The POMS Vigour scale revealed differences between the groups, supporting hypothesis 4. Specifically and as expected, OSA participants reported the least amount of vigour relative to shift-workers, who in turn reported less vigour relative to controls. Few studies have been conducted examining vigour among OSA patients and shift-workers, however Bardwell et al (1999) found that patients with OSA experienced increased vigour the more they slept. Despite seeming intuitively obvious, this finding supports the notion that when sleep is disturbed, as is the case in OSA patients and shift-workers, vigour is decreased in these populations.

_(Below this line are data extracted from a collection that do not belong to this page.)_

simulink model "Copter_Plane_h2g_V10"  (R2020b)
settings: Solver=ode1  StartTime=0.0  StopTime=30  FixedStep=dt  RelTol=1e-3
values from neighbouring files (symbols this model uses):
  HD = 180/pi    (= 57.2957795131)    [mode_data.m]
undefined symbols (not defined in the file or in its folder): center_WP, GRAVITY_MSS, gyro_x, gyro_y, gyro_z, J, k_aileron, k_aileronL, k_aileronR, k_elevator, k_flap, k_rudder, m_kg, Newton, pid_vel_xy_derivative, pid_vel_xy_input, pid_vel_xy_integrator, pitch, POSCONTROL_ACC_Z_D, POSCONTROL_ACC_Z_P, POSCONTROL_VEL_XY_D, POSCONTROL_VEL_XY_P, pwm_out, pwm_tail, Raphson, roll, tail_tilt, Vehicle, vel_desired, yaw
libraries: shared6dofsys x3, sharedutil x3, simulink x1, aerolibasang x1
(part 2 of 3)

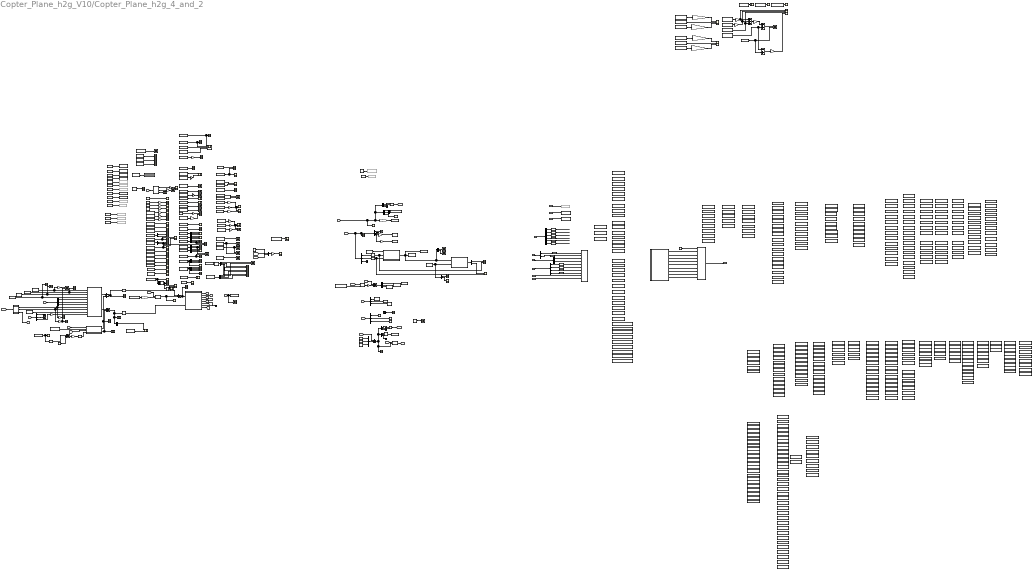
== system Copter_Plane_h2g_V10/Copter_Plane_h2g_4_and_2 ==
  CTRL_wp : Inport
  CTRL_remote_ct_st : Inport  Port=2  OutDataTypeStr=Bus: BUS_CTRL_remote_ct_st
  CTRL_dbg_param : Inport  Port=3  OutDataTypeStr=Bus: BUS_CTRL_dbg_param
  PathModeOut : Inport  Port=4  OutDataTypeStr=Bus: BUS_TASK_PATH_OutParam
  TASK_COMMON_OutParam : Inport  Port=5  OutDataTypeStr=Bus: BUS_TASK_COMMON_OutParam
  NAVI2CONTROL : Inport  Port=6  OutDataTypeStr=Bus: BUS_TO_CONTROL
  EAS_Algo : Inport  Port=7  OutDataTypeStr=Bus: BUS_AIRSPEED
  IMU : Inport  Port=8  OutDataTypeStr=Bus: BUS_IMU
  plane_mode_in : Inport  Port=9
  6DOF (Euler Angles)2 : Subsystem  AncestorBlock=shared6dof/6DOF (Euler Angles)  mask(6DOF EoM (Body Axis)){units=Metric (MKS), mtype=Fixed, rep=Euler Angles, xme_0=[0 0 -100], Vm_0=[10 -0 0], eul_0=[roll pitch yaw], pm_0=[gyro_x gyro_y gyro_z], mass_0=m_kg, mass_e=0.5, mass_f=2.0, inertia=J, inertia_e=eye(3), inertia_f=2*eye(3), k_quat=1.0, vre_flag=on, abi_flag=off, aMode=0, xme_statename='', Vm_statename='', eul_statename='', quat_statename='', pm_statename='', mass_statename=''}
      mask prompts: units "shared_aeroblks:sharedaeroblk6dofbody:block6DOFEoMBodyAxisParamUnits"; mtype "shared_aeroblks:sharedaeroblk6dofbody:block6DOFEoMBodyAxisParamMasstype"; rep "shared_aeroblks:sharedaeroblk6dofbody:block6DOFEoMBodyAxisParamRepresentation"; xme_0 "shared_aeroblks:sharedaeroblk6dofbody:block6DOFEoMBodyAxisParamInitialpositionininertialaxesXeYeZe"; Vm_0 "shared_aeroblks:sharedaeroblk6dofbody:block6DOFEoMBodyAxisParamInitialvelocityinbodyaxesUvw"; eul_0 "shared_aeroblks:sharedaeroblk6dofbody:block6DOFEoMBodyAxisParamInitialEulerorientationrollpitchyaw"; pm_0 "shared_aeroblks:sharedaeroblk6dofbody:block6DOFEoMBodyAxisParamInitialbodyrotationratespqr"; mass_0 "shared_aeroblks:sharedaeroblk6dofbody:block6DOFEoMBodyAxisParamInitialmass"; mass_e "shared_aeroblks:sharedaeroblk6dofbody:block6DOFEoMBodyAxisParamEmptymass"; mass_f "shared_aeroblks:sharedaeroblk6dofbody:block6DOFEoMBodyAxisParamFullmass"; inertia "shared_aeroblks:sharedaeroblk6dofbody:block6DOFEoMBodyAxisParamInertia"; inertia_e "shared_aeroblks:sharedaeroblk6dofbody:block6DOFEoMBodyAxisParamEmptyinertiamatrix"; inertia_f "shared_aeroblks:sharedaeroblk6dofbody:block6DOFEoMBodyAxisParamFullinertiamatrix"; k_quat "shared_aeroblks:sharedaeroblk6dofbody:block6DOFEoMBodyAxisParamGainforquaternionnormalization"; vre_flag "shared_aeroblks:sharedaeroblk6dofbody:block6DOFEoMBodyAxisParamIncludemassflowrelativevelocity"; abi_flag "shared_aeroblks:sharedaeroblk6dofbody:inertialAccelFlag"; xme_statename "shared_aeroblks:sharedaeroblk6dofbody:block6DOFEoMStateNamePosition"; Vm_statename "shared_aeroblks:sharedaeroblk6dofbody:block6DOFEoMStateNameVelocity"; eul_statename "shared_aeroblks:sharedaeroblk6dofbody:block6DOFEoMStateNameEulerAngles"; quat_statename "shared_aeroblks:sharedaeroblk6dofbody:block6DOFEoMStateNameQuaternions"; pm_statename "shared_aeroblks:sharedaeroblk6dofbody:block6DOFEoMStateNameRotationRates"; mass_statename "shared_aeroblks:sharedaeroblk6dofbody:block6DOFEoMStateNameMass"
      mask help: shared_aeroblks:sharedaeroblk6dofbody:block6DOFEoMBodyAxisDesc
      mask init:
      | if aerosharedtest(gcb)
      |     ports=aerosharedicon('shared6dofbody','icon');
      | else
      |     ports=sharedautoicon('shared6dofbody','icon');
      | end
      mask Help: eval('aerosharedhelp(''sixdof_euler_angles'')');
      mask TypeOptions units: shared_aeroblks:sharedaeroblk6dofbody:block6DOFEoMBodyAxisParamComboMetricMKS | shared_aeroblks:sharedaeroblk6dofbody:block6DOFEoMBodyAxisParamComboEnglishVelocityinfts | shared_aeroblks:sharedaeroblk6dofbody:block6DOFEoMBodyAxisParamComboEnglishVelocityinkts
      mask TypeOptions mtype: shared_aeroblks:sharedaeroblk6dofbody:block6DOFEoMBodyAxisParamComboFixed | shared_aeroblks:sharedaeroblk6dofbody:block6DOFEoMBodyAxisParamComboSimpleVariable | shared_aeroblks:sharedaeroblk6dofbody:block6DOFEoMBodyAxisParamComboCustomVariable
      mask Callback mtype:
      | if aerosharedtest(gcb) && builtin('license','test','aerospace_blockset')
      |     aerosharedicon('shared6dofbody');
      | else
      |     sharedautoicon('shared6dofbody');
      | end
      mask TypeOptions rep: shared_aeroblks:sharedaeroblk6dofbody:block6DOFEoMBodyAxisParamComboEulerAngles | shared_aeroblks:sharedaeroblk6dofbody:block6DOFEoMBodyAxisParamComboQuaternion
      mask Callback rep:
      | if aerosharedtest(gcb) && builtin('license','test','aerospace_blockset')
      |     aerosharedicon('shared6dofbody');
      | else
      |     sharedautoicon('shared6dofbody');
      | end
      mask DialogControl Container4 Prompt: shared_aeroblks:sharedaeroblk6dofbody:block6DOFEoMParamTab
      mask DialogControl units Prompt: Units:
      mask DialogControl mtype Prompt: Mass type:
      mask DialogControl rep Prompt: Representation:
      mask DialogControl xme_0 Prompt: Initial position in inertial axes [Xe,Ye,Ze]:
      mask DialogControl Vm_0 Prompt: Initial velocity in body axes [U,v,w]:
      mask DialogControl eul_0 Prompt: Initial Euler orientation [roll, pitch, yaw]:
      mask DialogControl pm_0 Prompt: Initial body rotation rates [p,q,r]:
      mask DialogControl mass_0 Prompt: Initial mass:
      mask DialogControl mass_e Prompt: Empty mass:
      mask DialogControl mass_f Prompt: Full mass:
      mask DialogControl inertia Prompt: Inertia:
      mask DialogControl inertia_e Prompt: Empty inertia matrix:
      mask DialogControl inertia_f Prompt: Full inertia matrix:
      mask DialogControl k_quat Prompt: Gain for quaternion normalization:
      mask DialogControl vre_flag Prompt: Include mass flow relative velocity
      mask DialogControl abi_flag Prompt: Include inertial acceleration
      mask DialogControl Container6 Prompt: shared_aeroblks:sharedaeroblk6dofbody:block6DOFEoMStateAttributesTab
      mask DialogControl Container7 Prompt: shared_aeroblks:sharedaeroblk6dofbody:block6DOFEoMStateNamesGroup
      mask DialogControl xme_statename Prompt: Position: e.g., {'Xe', 'Ye', 'Ze'}
      mask DialogControl Vm_statename Prompt: Velocity: e.g., {'U', 'v', 'w'}
      mask DialogControl eul_statename Prompt: Euler rotation angles: e.g., {'phi', 'theta', 'psi'}
      mask DialogControl quat_statename Prompt: Quaternion vector: e.g., {'qr', 'qi', 'qj', 'qk'}
      mask DialogControl pm_statename Prompt: Body rotation rates: e.g., {'p', 'q', 'r'}
      mask DialogControl mass_statename Prompt: Mass: e.g., 'mass'
      mask Display:
      | port_label(ports(1).type,ports(1).port,ports(1).txt,'texmode','on');
      | port_label(ports(2).type,ports(2).port,ports(2).txt,'texmode','on');
      | port_label(ports(3).type,ports(3).port,ports(3).txt,'texmode','on');
      | port_label(ports(4).type,ports(4).port,ports(4).txt,'texmode','on');
      | port_label(ports(5).type,ports(5).port,ports(5).txt,'texmode','on');
      | port_label(ports(6).type,ports(6).port,ports(6).txt,'texmode','on');
      | port_label(ports(7).type,ports(7).port,ports(7).txt,'texmode','on');
      | port_label(ports(8).type,ports(8).port,ports(8).txt,'texmode','on');
      | port_label(ports(9).type,ports(9).port,ports(9).txt,'texmode','on');
      | port_label(ports(10).type,ports(10).port,ports(10).txt,'texmode','on');
      | port_label(ports(11).type,ports(11).port,ports(11).txt,'texmode','on');
      | port_label(ports(12).type,ports(12).port,ports(12).txt,'texmode','on');
      | port_label(ports(13).type,ports(13).port,ports(13).txt,'texmode','on');
      | port_label(ports(14).type,ports(14).port,ports(14).txt,'texmode','on');
      | port_label(ports(15).type,ports(15).port,ports(15).txt,'texmode','on');
      | port_label(ports(16).type,ports(16).port,ports(16).txt,'texmode','on');
      | port_label(ports(17).type,ports(17).port,ports(17).txt,'texmode','on');
  AC_ATTITUDE_ACCEL_RP_CONTROLLER_MAX_RADSS1 : DataStoreMemory  DataStoreName=AC_ATTITUDE_ACCEL_RP_CONTROLLER_MAX_RADSS  ReadBeforeWriteMsg=warning  WriteAfterWriteMsg=warning  WriteAfterReadMsg=warning  InitialValue=AC_ATTITUDE_ACCEL_RP_CONTROLLER_MAX_RADSS  VectorParams1D=off  ShowAdditionalParam=off  OutDataTypeStr=double
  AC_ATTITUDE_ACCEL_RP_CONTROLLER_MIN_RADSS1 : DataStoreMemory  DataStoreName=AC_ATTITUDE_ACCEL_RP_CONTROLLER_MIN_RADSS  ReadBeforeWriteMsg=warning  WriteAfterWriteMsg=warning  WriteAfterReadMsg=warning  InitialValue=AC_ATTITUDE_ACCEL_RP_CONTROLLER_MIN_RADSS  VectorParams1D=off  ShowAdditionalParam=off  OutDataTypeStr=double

Lastly, the Total Mood Disturbance score of the POMS revealed significant differences between the groups, partially supporting hypothesis 4. Contrary to expectation, shift-workers demonstrated a greater total mood disturbance score relative to OSA patients and controls respectively. Orton and Gruzelier (1989) provided support for the findings obtained in the present study, suggesting that deleterious effects in mood occurred after the night-shift across all mood scales of the POMS relative to controls. Given that the shift-workers in the present study participated after their last night-shift, this may have rendered mood disturbances more pronounced. In terms of OSA patients, demographic characteristics revealed that they worked fewer hours relative to shift-workers and that a significant proportion of patients were retired at the time of the study. These factors may function to explain why shift-workers exhibited higher mood disturbance scores on the POMS relative to OSA patients.